• TASK TO CARRY OUT
The copy must run from the first line of the entries below through the line containing "In plain terms, the", restated word for word, with pictures left out.

-- SOURCE DATA follows --

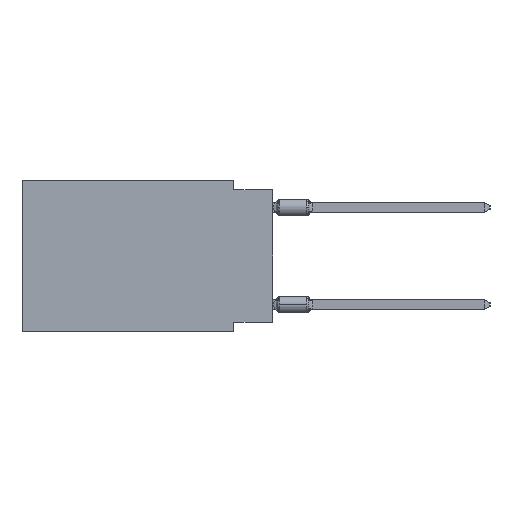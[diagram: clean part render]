
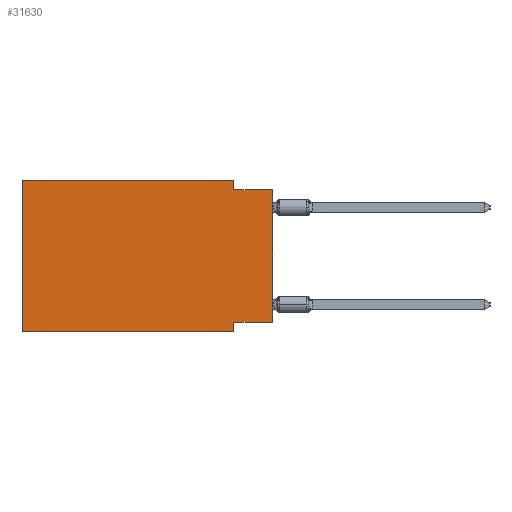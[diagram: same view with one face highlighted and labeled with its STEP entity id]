
A CAD part, left-side view. The second image highlights one B-rep face of the part: STEP entity #31630.
In plain terms, the highlighted planar face has unit normal (-1, 0, 0).
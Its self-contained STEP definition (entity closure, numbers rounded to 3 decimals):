
#2512 = VECTOR ( 'NONE', #23208, 1000. ) ;
#3845 = VERTEX_POINT ( 'NONE', #50409 ) ;
#5783 = VERTEX_POINT ( 'NONE', #33541 ) ;
#7777 = DIRECTION ( 'NONE',  ( 0., -1., 0. ) ) ;
#9184 = VECTOR ( 'NONE', #61258, 1000. ) ;
#9248 = ORIENTED_EDGE ( 'NONE', *, *, #14224, .F. ) ;
#10088 = EDGE_LOOP ( 'NONE', ( #25384, #9248, #40404, #24899, #57477, #19487, #47114, #29945 ) ) ;
#11232 = DIRECTION ( 'NONE',  ( 0., 0., 1. ) ) ;
#11868 = CARTESIAN_POINT ( 'NONE',  ( 0., 16.383, 0. ) ) ;
#12603 = LINE ( 'NONE', #23529, #53430 ) ;
#12620 = CARTESIAN_POINT ( 'NONE',  ( 0., 0., -0.635 ) ) ;
#13371 = VERTEX_POINT ( 'NONE', #62903 ) ;
#14224 = EDGE_CURVE ( 'NONE', #5783, #52951, #65403, .T. ) ;
#16975 = EDGE_CURVE ( 'NONE', #62051, #13371, #51592, .T. ) ;
#17154 = PLANE ( 'NONE',  #34040 ) ;
#17675 = DIRECTION ( 'NONE',  ( 0., 0., 1. ) ) ;
#19264 = VECTOR ( 'NONE', #11232, 1000. ) ;
#19487 = ORIENTED_EDGE ( 'NONE', *, *, #55181, .T. ) ;
#20022 = VERTEX_POINT ( 'NONE', #48054 ) ;
#21918 = EDGE_CURVE ( 'NONE', #64784, #20022, #41080, .T. ) ;
#23208 = DIRECTION ( 'NONE',  ( 0., 0., -1. ) ) ;
#23529 = CARTESIAN_POINT ( 'NONE',  ( 0., 16.383, -9.906 ) ) ;
#24899 = ORIENTED_EDGE ( 'NONE', *, *, #16975, .F. ) ;
#25384 = ORIENTED_EDGE ( 'NONE', *, *, #47513, .T. ) ;
#26550 = EDGE_CURVE ( 'NONE', #30952, #62051, #26933, .T. ) ;
#26933 = LINE ( 'NONE', #11868, #32263 ) ;
#27505 = VECTOR ( 'NONE', #59616, 1000. ) ;
#29009 = CARTESIAN_POINT ( 'NONE',  ( 0., 2.54, 0. ) ) ;
#29945 = ORIENTED_EDGE ( 'NONE', *, *, #39326, .F. ) ;
#30186 = CARTESIAN_POINT ( 'NONE',  ( 0., 16.383, 0. ) ) ;
#30680 = CARTESIAN_POINT ( 'NONE',  ( 0., 16.383, -9.906 ) ) ;
#30952 = VERTEX_POINT ( 'NONE', #30680 ) ;
#31630 = ADVANCED_FACE ( 'NONE', ( #47914 ), #17154, .F. ) ;
#32263 = VECTOR ( 'NONE', #17675, 1000. ) ;
#32847 = DIRECTION ( 'NONE',  ( 0., 0., -1. ) ) ;
#33466 = LINE ( 'NONE', #29009, #2512 ) ;
#33541 = CARTESIAN_POINT ( 'NONE',  ( 0., 2.54, -0.635 ) ) ;
#33853 = CARTESIAN_POINT ( 'NONE',  ( 0., 16.383, 0. ) ) ;
#34040 = AXIS2_PLACEMENT_3D ( 'NONE', #33853, #37991, #32847 ) ;
#36204 = DIRECTION ( 'NONE',  ( 0., -1., 0. ) ) ;
#37212 = CARTESIAN_POINT ( 'NONE',  ( 0., 0., 0. ) ) ;
#37991 = DIRECTION ( 'NONE',  ( 1., 0., 0. ) ) ;
#38348 = VECTOR ( 'NONE', #49304, 1000. ) ;
#39326 = EDGE_CURVE ( 'NONE', #3845, #64784, #40383, .T. ) ;
#40383 = LINE ( 'NONE', #61244, #38348 ) ;
#40404 = ORIENTED_EDGE ( 'NONE', *, *, #59716, .F. ) ;
#41080 = LINE ( 'NONE', #45865, #9184 ) ;
#45865 = CARTESIAN_POINT ( 'NONE',  ( 0., 2.54, -9.906 ) ) ;
#47114 = ORIENTED_EDGE ( 'NONE', *, *, #21918, .F. ) ;
#47513 = EDGE_CURVE ( 'NONE', #3845, #52951, #63218, .T. ) ;
#47914 = FACE_OUTER_BOUND ( 'NONE', #10088, .T. ) ;
#48054 = CARTESIAN_POINT ( 'NONE',  ( 0., 2.54, -9.906 ) ) ;
#49304 = DIRECTION ( 'NONE',  ( 0., 1., 0. ) ) ;
#50409 = CARTESIAN_POINT ( 'NONE',  ( 0., 0., -9.271 ) ) ;
#51592 = LINE ( 'NONE', #51947, #56929 ) ;
#51947 = CARTESIAN_POINT ( 'NONE',  ( 0., 16.383, 0. ) ) ;
#52951 = VERTEX_POINT ( 'NONE', #12620 ) ;
#53430 = VECTOR ( 'NONE', #7777, 1000. ) ;
#55145 = CARTESIAN_POINT ( 'NONE',  ( 0., 0., -0.635 ) ) ;
#55181 = EDGE_CURVE ( 'NONE', #30952, #20022, #12603, .T. ) ;
#56929 = VECTOR ( 'NONE', #36204, 1000. ) ;
#57389 = CARTESIAN_POINT ( 'NONE',  ( 0., 2.54, -9.271 ) ) ;
#57477 = ORIENTED_EDGE ( 'NONE', *, *, #26550, .F. ) ;
#59616 = DIRECTION ( 'NONE',  ( 0., -1., 0. ) ) ;
#59716 = EDGE_CURVE ( 'NONE', #13371, #5783, #33466, .T. ) ;
#61244 = CARTESIAN_POINT ( 'NONE',  ( 0., 0., -9.271 ) ) ;
#61258 = DIRECTION ( 'NONE',  ( 0., 0., -1. ) ) ;
#62051 = VERTEX_POINT ( 'NONE', #30186 ) ;
#62903 = CARTESIAN_POINT ( 'NONE',  ( 0., 2.54, 0. ) ) ;
#63218 = LINE ( 'NONE', #37212, #19264 ) ;
#64784 = VERTEX_POINT ( 'NONE', #57389 ) ;
#65403 = LINE ( 'NONE', #55145, #27505 ) ;

-- SOURCE DATA concluded --

• ANSWER AREA
[diagram: clean part render]
[diagram: same view with one face highlighted and labeled with its STEP entity id]
A CAD part, left-side view. The second image highlights one B-rep face of the part: STEP entity #31630.
In plain terms, the highlighted planar face has unit normal (-1, 0, 0).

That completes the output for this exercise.